EXERCISE DESCRIPTION
Transcribe, word for word, all of the entries below, and exclude any pictures from the copy.

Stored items
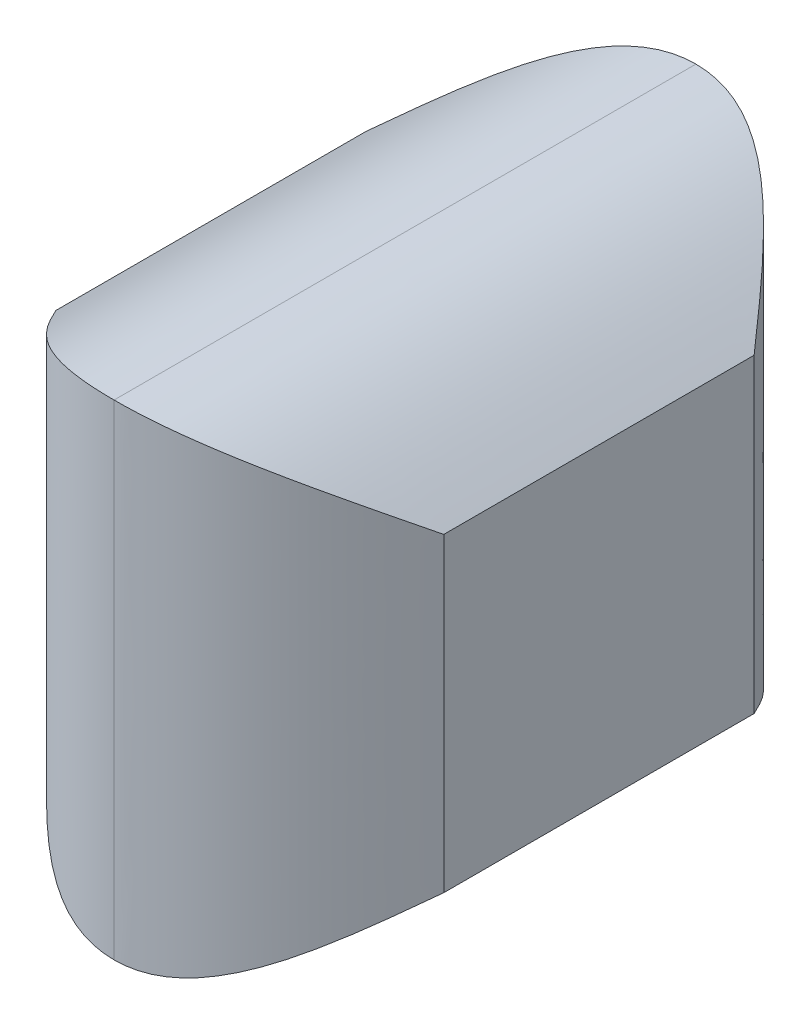
SolidWorks part; units mm, degrees
ref_plane "Front Plane" through (0, 0, 0) normal (0, 0, 1) x (1, 0, 0)
ref_plane "Top Plane" through (0, 0, 0) normal (0, 1, 0) x (1, 0, 0)
ref_plane "Right Plane" through (0, 0, 0) normal (1, 0, 0) x (0, 0, -1)
sketch "Sketch1" plane through (300, 0, 0) normal (1, 0, 0) x (0, 0, -1)
  line L1 (150, 0) -> (150, 125) construction
  line L2 (150, 125) -> (0, 125) construction
  line L8 (35, 102.5) -> (35, 22.5)
  line L9 (35, 22.5) -> (115, 22.5)
  line L10 (115, 22.5) -> (115, 102.5)
  line L11 (115, 102.5) -> (35, 102.5)
  dimension "D1" = 80
  dimension "D2" = 80
  dimension "D3" = 35
  dimension "D4" = 22.5
ref_plane "Plane1" through (350, 0, 0) normal (1, 0, 0) x (0, 0, -1)
sketch "Sketch2" plane through (350, 0, 0) normal (1, 0, 0) x (0, 0, -1)
  line L4 (0, 125) -> (0, 0) construction
  line L5 (0, 0) -> (150, 0) construction
  line L6 (150, 125) -> (0, 125) construction
  line L7 (150, 0) -> (150, 125) construction
  line L8 (0, 125) -> (0, 0)
  line L9 (0, 0) -> (150, 0)
  line L10 (150, 0) -> (150, 125)
  line L11 (150, 125) -> (0, 125)
loft "Loft1" add profiles "Sketch1", "Sketch2" end constraint normal to profile end tangent length 1 connector at (300, 102.5, -115) connector at (350, 125, -150)
mirror "Mirror1" about plane through (350, 0, 0) normal (1, 0, 0) of "Loft1"
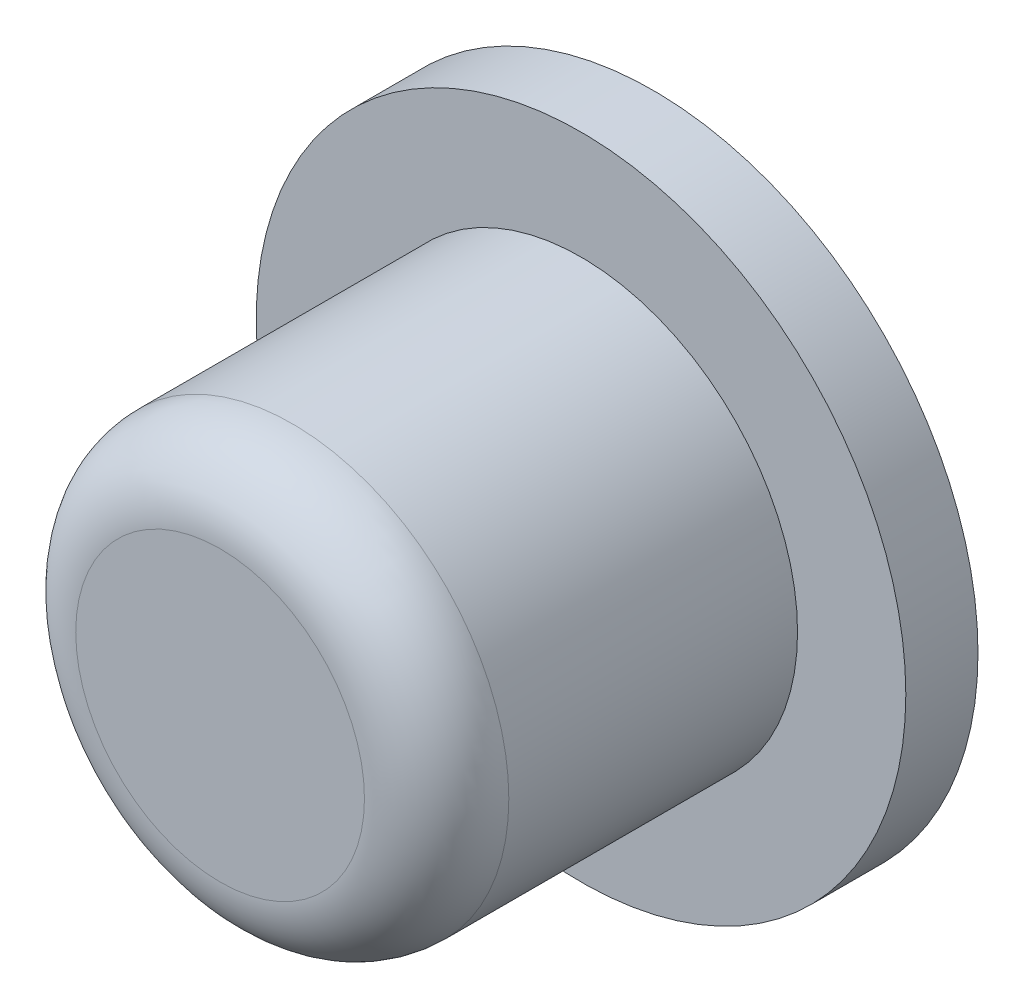
SolidWorks part; units mm, degrees
ref_plane "前视基准面" through (0, 0, 0) normal (0, 0, 1) x (1, 0, 0)
ref_plane "上视基准面" through (0, 0, 0) normal (0, 1, 0) x (1, 0, 0)
ref_plane "右视基准面" through (0, 0, 0) normal (1, 0, 0) x (0, 0, -1)
other "Configuration Table"
sketch "草图1" plane through (0, 0, 0) normal (0, 0, 1) x (1, 0, 0)
  circle A0 centre (0, 0) radius 1.9
  circle A1 centre (0, 0) radius 3
  circle A2 centre (0, 0) radius 4.5
  point P7 (0, 0)
  dimension "D4" = 3.8
  dimension "D1" = 6
  dimension "D2" = 1.5
extrude "凸台-拉伸1" add sketch "草图1" along normal blind 6 contours A1
extrude "切除-拉伸1" cut sketch "草图1<4>" along normal blind 1.5 contours A0
sketch "草图1<4>" plane through (0, 0, 0) normal (0, 0, 1) x (1, 0, 0) same geometry as "草图1"
extrude "凸台-拉伸2" add sketch "草图1<5>" along normal blind 1 contours A2 | A1
sketch "草图1<5>" plane through (0, 0, 0) normal (0, 0, 1) x (1, 0, 0) same geometry as "草图1"
fillet "圆角1" radius 1 1 edges at (3, 0, 6)

OUTPUT FOR THIS EXERCISE
SolidWorks part; units mm, degrees
ref_plane "Front Plane" through (0, 0, 0) normal (0, 0, 1) x (1, 0, 0)
ref_plane "Top Plane" through (0, 0, 0) normal (0, 1, 0) x (1, 0, 0)
ref_plane "Right Plane" through (0, 0, 0) normal (1, 0, 0) x (0, 0, -1)
sketch "Sketch1" plane through (300, 0, 0) normal (1, 0, 0) x (0, 0, -1)
  line L1 (150, 0) -> (150, 125) construction
  line L2 (150, 125) -> (0, 125) construction
  line L8 (35, 102.5) -> (35, 22.5)
  line L9 (35, 22.5) -> (115, 22.5)
  line L10 (115, 22.5) -> (115, 102.5)
  line L11 (115, 102.5) -> (35, 102.5)
  dimension "D1" = 80
  dimension "D2" = 80
  dimension "D3" = 35
  dimension "D4" = 22.5
ref_plane "Plane1" through (350, 0, 0) normal (1, 0, 0) x (0, 0, -1)
sketch "Sketch2" plane through (350, 0, 0) normal (1, 0, 0) x (0, 0, -1)
  line L4 (0, 125) -> (0, 0) construction
  line L5 (0, 0) -> (150, 0) construction
  line L6 (150, 125) -> (0, 125) construction
  line L7 (150, 0) -> (150, 125) construction
  line L8 (0, 125) -> (0, 0)
  line L9 (0, 0) -> (150, 0)
  line L10 (150, 0) -> (150, 125)
  line L11 (150, 125) -> (0, 125)
loft "Loft1" add profiles "Sketch1", "Sketch2" end constraint normal to profile end tangent length 1 connector at (300, 102.5, -115) connector at (350, 125, -150)
mirror "Mirror1" about plane through (350, 0, 0) normal (1, 0, 0) of "Loft1"
SolidWorks part; units mm, degrees
ref_plane "前视基准面" through (0, 0, 0) normal (0, 0, 1) x (1, 0, 0)
ref_plane "上视基准面" through (0, 0, 0) normal (0, 1, 0) x (1, 0, 0)
ref_plane "右视基准面" through (0, 0, 0) normal (1, 0, 0) x (0, 0, -1)
other "Configuration Table"
sketch "草图1" plane through (0, 0, 0) normal (0, 0, 1) x (1, 0, 0)
  circle A0 centre (0, 0) radius 1.9
  circle A1 centre (0, 0) radius 3
  circle A2 centre (0, 0) radius 4.5
  point P7 (0, 0)
  dimension "D4" = 3.8
  dimension "D1" = 6
  dimension "D2" = 1.5
extrude "凸台-拉伸1" add sketch "草图1" along normal blind 6 contours A1
extrude "切除-拉伸1" cut sketch "草图1<4>" along normal blind 1.5 contours A0
sketch "草图1<4>" plane through (0, 0, 0) normal (0, 0, 1) x (1, 0, 0) same geometry as "草图1"
extrude "凸台-拉伸2" add sketch "草图1<5>" along normal blind 1 contours A2 | A1
sketch "草图1<5>" plane through (0, 0, 0) normal (0, 0, 1) x (1, 0, 0) same geometry as "草图1"
fillet "圆角1" radius 1 1 edges at (3, 0, 6)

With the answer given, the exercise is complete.